Experimental setup. The participants could observe the delayed virtual hand consistently like their own hand movement.

After completing each condition, participants completed a 16-item questionnaire identical to that used in previous studies except in control 2 condition because participants do not observe any image of hand9,13, in either the original English or in Japanese. They reported their subjective experience on a 7-point Likert-like scale ranging from −3 (totally disagree) to +3 (totally agree), with 0 indicating neither agreement nor disagreement (uncertain). Four statements referred to the feeling of ownership (e.g., “I felt as if I was looking at my own hand”), and four statements described sensations related to agency (e.g., “I felt as if I was causing the movement I saw”). The remaining eight statements were control statements which is describe the fake question of the senses; four describing ownership and the other four describing agency (e.g., “I felt as if I had more than one right hand” and “It seemed as if the hand image had a will of its own”).

fNIRS data acquisition

The fNIRS data were recorded using a multichannel fNIRS unit operating at 780-nm, 805-nm, and 830-nm wavelengths (OMM-3000, Shimadzu, Japan) at a sampling frequency of 10 Hz.
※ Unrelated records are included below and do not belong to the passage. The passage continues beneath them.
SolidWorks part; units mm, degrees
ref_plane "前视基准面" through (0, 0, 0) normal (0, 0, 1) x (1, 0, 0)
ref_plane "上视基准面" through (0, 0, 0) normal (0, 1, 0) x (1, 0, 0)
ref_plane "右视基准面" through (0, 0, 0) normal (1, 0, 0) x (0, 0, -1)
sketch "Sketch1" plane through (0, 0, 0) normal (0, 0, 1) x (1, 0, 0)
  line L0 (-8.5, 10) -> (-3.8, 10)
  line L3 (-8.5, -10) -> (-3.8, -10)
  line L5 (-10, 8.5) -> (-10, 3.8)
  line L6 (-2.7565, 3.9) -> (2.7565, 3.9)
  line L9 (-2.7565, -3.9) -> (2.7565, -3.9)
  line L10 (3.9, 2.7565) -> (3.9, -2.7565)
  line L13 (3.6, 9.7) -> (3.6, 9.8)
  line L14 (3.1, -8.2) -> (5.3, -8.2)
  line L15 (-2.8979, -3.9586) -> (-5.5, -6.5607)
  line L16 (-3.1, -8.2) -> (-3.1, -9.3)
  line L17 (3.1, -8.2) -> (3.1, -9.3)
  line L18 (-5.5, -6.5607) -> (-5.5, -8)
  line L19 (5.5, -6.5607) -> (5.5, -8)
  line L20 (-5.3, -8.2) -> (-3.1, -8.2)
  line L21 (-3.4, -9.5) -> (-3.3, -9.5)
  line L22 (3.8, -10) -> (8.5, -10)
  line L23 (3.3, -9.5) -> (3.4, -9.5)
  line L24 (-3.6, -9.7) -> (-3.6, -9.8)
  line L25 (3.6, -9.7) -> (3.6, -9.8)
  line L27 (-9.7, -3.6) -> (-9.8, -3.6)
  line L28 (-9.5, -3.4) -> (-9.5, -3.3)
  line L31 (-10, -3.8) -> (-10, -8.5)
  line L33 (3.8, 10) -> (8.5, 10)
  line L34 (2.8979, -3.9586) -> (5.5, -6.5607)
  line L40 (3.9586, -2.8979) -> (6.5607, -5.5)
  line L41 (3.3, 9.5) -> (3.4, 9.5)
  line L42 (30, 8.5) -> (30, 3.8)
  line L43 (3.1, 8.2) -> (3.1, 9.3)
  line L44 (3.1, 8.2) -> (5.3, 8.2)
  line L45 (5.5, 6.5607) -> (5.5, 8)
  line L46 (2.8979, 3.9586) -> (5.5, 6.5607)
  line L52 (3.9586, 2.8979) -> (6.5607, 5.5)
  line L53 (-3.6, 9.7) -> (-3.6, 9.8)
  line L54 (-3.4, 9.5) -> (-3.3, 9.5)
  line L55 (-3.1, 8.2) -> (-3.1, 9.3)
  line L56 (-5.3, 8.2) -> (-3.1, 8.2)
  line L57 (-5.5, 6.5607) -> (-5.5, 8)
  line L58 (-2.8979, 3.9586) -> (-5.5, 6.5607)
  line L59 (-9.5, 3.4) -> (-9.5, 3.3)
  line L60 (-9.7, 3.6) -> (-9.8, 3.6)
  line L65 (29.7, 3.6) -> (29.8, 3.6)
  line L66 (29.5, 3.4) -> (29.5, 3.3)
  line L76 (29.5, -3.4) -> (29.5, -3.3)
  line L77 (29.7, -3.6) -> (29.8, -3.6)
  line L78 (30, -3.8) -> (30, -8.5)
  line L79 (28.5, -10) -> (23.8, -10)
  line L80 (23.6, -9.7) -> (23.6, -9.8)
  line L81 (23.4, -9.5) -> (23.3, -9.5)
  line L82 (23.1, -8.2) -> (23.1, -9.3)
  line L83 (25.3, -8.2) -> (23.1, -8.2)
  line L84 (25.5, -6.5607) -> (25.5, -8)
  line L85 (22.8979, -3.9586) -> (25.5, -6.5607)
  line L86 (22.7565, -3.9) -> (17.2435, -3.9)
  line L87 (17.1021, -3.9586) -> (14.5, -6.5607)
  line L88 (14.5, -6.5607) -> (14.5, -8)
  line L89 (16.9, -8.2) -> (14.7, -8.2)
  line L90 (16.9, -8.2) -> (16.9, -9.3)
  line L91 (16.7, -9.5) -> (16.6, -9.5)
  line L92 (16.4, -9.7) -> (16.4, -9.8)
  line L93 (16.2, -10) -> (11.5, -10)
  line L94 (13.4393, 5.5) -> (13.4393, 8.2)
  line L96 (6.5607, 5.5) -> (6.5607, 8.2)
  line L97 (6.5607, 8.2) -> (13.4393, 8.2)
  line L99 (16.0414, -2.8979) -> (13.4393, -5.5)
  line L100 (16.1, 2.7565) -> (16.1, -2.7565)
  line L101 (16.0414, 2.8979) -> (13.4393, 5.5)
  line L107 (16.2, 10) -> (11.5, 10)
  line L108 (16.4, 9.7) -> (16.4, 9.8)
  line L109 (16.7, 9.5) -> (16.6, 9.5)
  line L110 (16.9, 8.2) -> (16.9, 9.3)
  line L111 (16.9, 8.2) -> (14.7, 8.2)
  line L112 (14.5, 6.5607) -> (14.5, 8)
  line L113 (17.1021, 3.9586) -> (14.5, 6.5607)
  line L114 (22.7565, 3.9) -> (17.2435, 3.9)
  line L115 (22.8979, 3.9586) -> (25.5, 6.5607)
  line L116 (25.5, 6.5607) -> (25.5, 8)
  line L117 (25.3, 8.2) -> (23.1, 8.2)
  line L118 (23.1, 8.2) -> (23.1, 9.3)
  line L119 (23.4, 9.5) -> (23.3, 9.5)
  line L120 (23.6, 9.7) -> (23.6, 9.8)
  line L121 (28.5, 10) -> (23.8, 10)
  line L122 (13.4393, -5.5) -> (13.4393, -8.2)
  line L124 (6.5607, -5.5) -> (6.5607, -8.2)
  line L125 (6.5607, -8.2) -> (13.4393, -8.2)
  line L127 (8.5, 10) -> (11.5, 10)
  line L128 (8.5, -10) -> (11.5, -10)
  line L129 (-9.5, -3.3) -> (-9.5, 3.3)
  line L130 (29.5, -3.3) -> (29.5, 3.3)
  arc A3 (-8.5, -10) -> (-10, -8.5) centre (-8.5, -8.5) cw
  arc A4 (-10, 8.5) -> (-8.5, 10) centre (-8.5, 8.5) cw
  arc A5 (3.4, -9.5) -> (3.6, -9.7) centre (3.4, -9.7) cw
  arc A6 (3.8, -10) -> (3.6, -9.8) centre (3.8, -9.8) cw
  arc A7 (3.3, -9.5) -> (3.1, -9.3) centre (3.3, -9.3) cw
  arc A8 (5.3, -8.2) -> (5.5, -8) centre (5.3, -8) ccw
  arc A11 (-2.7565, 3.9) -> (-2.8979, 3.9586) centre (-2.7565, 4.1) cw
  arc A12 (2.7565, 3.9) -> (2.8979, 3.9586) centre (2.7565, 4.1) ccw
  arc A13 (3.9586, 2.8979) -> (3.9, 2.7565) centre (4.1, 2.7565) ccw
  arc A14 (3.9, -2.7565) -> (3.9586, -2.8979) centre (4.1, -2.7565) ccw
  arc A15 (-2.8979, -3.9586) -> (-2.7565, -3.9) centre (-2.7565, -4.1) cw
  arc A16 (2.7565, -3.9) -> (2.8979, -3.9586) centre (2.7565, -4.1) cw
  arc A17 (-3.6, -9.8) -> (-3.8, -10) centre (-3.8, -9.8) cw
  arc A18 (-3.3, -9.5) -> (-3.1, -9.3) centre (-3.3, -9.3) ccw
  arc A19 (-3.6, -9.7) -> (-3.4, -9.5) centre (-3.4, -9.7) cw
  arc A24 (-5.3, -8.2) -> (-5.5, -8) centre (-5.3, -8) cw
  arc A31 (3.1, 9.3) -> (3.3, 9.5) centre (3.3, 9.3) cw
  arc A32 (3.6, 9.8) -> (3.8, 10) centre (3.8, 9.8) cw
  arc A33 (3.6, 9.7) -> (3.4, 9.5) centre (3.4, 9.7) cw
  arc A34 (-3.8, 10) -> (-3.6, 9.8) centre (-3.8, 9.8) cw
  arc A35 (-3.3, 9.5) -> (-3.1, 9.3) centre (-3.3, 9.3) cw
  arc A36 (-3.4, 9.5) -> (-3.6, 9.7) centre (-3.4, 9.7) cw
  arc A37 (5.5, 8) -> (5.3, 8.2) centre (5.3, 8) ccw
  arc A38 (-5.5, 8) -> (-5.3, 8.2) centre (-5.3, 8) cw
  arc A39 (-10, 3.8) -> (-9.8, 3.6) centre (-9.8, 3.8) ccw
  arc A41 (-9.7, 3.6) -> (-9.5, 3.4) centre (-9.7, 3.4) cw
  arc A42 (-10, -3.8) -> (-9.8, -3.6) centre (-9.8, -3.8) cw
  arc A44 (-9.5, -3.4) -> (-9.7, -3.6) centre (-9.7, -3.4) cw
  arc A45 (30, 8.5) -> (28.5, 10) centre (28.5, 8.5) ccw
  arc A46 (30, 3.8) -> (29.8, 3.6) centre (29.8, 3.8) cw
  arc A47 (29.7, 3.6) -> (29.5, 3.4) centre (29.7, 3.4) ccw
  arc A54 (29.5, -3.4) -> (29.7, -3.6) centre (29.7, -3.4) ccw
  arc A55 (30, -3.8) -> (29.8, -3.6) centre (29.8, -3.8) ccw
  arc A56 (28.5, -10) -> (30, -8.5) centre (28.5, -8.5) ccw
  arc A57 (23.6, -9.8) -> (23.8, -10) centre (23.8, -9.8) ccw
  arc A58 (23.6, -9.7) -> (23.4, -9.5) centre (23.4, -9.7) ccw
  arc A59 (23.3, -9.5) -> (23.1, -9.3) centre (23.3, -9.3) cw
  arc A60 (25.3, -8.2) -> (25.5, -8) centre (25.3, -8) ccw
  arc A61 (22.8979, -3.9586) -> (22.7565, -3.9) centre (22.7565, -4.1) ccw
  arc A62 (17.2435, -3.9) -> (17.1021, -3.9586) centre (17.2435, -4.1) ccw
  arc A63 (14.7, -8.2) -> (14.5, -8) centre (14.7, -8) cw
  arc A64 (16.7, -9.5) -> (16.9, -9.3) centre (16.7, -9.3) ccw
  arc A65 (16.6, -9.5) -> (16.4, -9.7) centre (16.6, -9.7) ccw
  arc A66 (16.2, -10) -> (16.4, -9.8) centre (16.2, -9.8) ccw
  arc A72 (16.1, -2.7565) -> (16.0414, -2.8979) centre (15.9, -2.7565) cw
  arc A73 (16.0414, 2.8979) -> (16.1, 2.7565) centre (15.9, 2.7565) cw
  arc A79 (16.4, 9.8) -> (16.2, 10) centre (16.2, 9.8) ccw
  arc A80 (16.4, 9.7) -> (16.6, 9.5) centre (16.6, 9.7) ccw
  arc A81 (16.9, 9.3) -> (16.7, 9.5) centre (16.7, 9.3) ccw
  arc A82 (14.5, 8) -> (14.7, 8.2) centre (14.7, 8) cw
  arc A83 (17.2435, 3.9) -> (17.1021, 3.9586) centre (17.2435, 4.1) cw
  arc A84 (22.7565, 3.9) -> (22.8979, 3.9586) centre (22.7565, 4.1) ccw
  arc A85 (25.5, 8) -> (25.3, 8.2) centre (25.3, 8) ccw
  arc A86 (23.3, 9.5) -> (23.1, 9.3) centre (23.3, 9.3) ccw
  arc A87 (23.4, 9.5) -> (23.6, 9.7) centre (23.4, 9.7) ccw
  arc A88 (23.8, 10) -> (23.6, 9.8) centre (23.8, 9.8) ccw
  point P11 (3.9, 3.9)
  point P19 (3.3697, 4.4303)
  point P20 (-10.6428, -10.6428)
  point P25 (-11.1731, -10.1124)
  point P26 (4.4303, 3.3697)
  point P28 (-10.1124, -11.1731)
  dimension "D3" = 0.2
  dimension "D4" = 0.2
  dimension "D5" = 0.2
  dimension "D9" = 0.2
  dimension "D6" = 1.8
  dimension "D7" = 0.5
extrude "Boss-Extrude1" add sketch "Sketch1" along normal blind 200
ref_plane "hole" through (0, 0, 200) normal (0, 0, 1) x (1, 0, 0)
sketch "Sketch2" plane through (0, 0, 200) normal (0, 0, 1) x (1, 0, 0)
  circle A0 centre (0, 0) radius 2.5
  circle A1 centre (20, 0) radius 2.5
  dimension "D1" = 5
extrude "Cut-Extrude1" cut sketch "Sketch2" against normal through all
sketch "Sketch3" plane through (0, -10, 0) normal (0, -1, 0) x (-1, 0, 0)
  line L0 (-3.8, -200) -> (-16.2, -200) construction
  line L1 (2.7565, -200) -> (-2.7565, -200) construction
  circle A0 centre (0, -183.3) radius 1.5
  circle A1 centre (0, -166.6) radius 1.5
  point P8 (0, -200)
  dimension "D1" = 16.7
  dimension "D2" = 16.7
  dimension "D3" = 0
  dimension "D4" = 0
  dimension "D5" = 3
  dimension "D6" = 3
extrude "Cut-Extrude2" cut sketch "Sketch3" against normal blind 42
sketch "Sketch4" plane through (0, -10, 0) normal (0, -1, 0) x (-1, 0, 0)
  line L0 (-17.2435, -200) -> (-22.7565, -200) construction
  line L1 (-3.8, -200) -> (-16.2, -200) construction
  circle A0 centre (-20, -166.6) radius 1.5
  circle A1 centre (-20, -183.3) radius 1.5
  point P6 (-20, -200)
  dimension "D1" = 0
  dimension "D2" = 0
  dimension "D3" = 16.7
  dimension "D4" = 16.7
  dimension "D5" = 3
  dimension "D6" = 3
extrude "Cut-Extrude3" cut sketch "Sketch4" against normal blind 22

Oxy-haemoglobin (oxyHb), deoxy-haemoglobin (deoxyHb), and total haemoglobin (totalHb) concentrations were recorded in the temporal, parietal, and occipital lobes. The optode locations were recorded using a 3D magnetic space digitizer (Fastrak, Polhemus, USA) to estimate the anatomical brain region beneath the fNIRS channels. To determine the correspondence between the measured position data and the fNIRS channels, we used the probabilistic spatial registration method37 to generate a probabilistic mapping between each fNIRS channel and its corresponding anatomical brain region. This was then used for interpreting fNIRS-activation data.

fNIRS data analysis

The change in oxyHb is considered the main parameter that changes with regional cerebral blood flow. A 2-Hz low-pass filter and a 0.2-Hz high-pass filter were applied to the fNIRS data. CCA was applied to the fNIRS signal for each condition to extract the common signal that was contained in all conditions38,39,40 and to analyze up to the third component. In CCA, we find weight vector for the data to maximize the correlation coefficient between experiment conditions. The signals commonly contained in different conditions for each channel was extracted through CCA. Additionally, the brain region involved in the component was determined using a forward model, A = RW(WTRW) − 141,42, using weight (W) that produced from CCA and data covariance matrix (R). Each component has been normalized so that the maximum becomes 1. In order to compare the degree to which cortical activity was correlated among the conditions, we took the sum of the averaged correlations for every pair of participants for each component (known as ISC)40. It extracts the common brain activity among the subjects performing the same task. We used general linear model (GLM) which is an analysis method for statistically examining how much the observed signal (of one participant) can be fitted with a model called design matrix (another participant’s signal). Comparisons across conditions were performed using analysis of variance (ANOVA).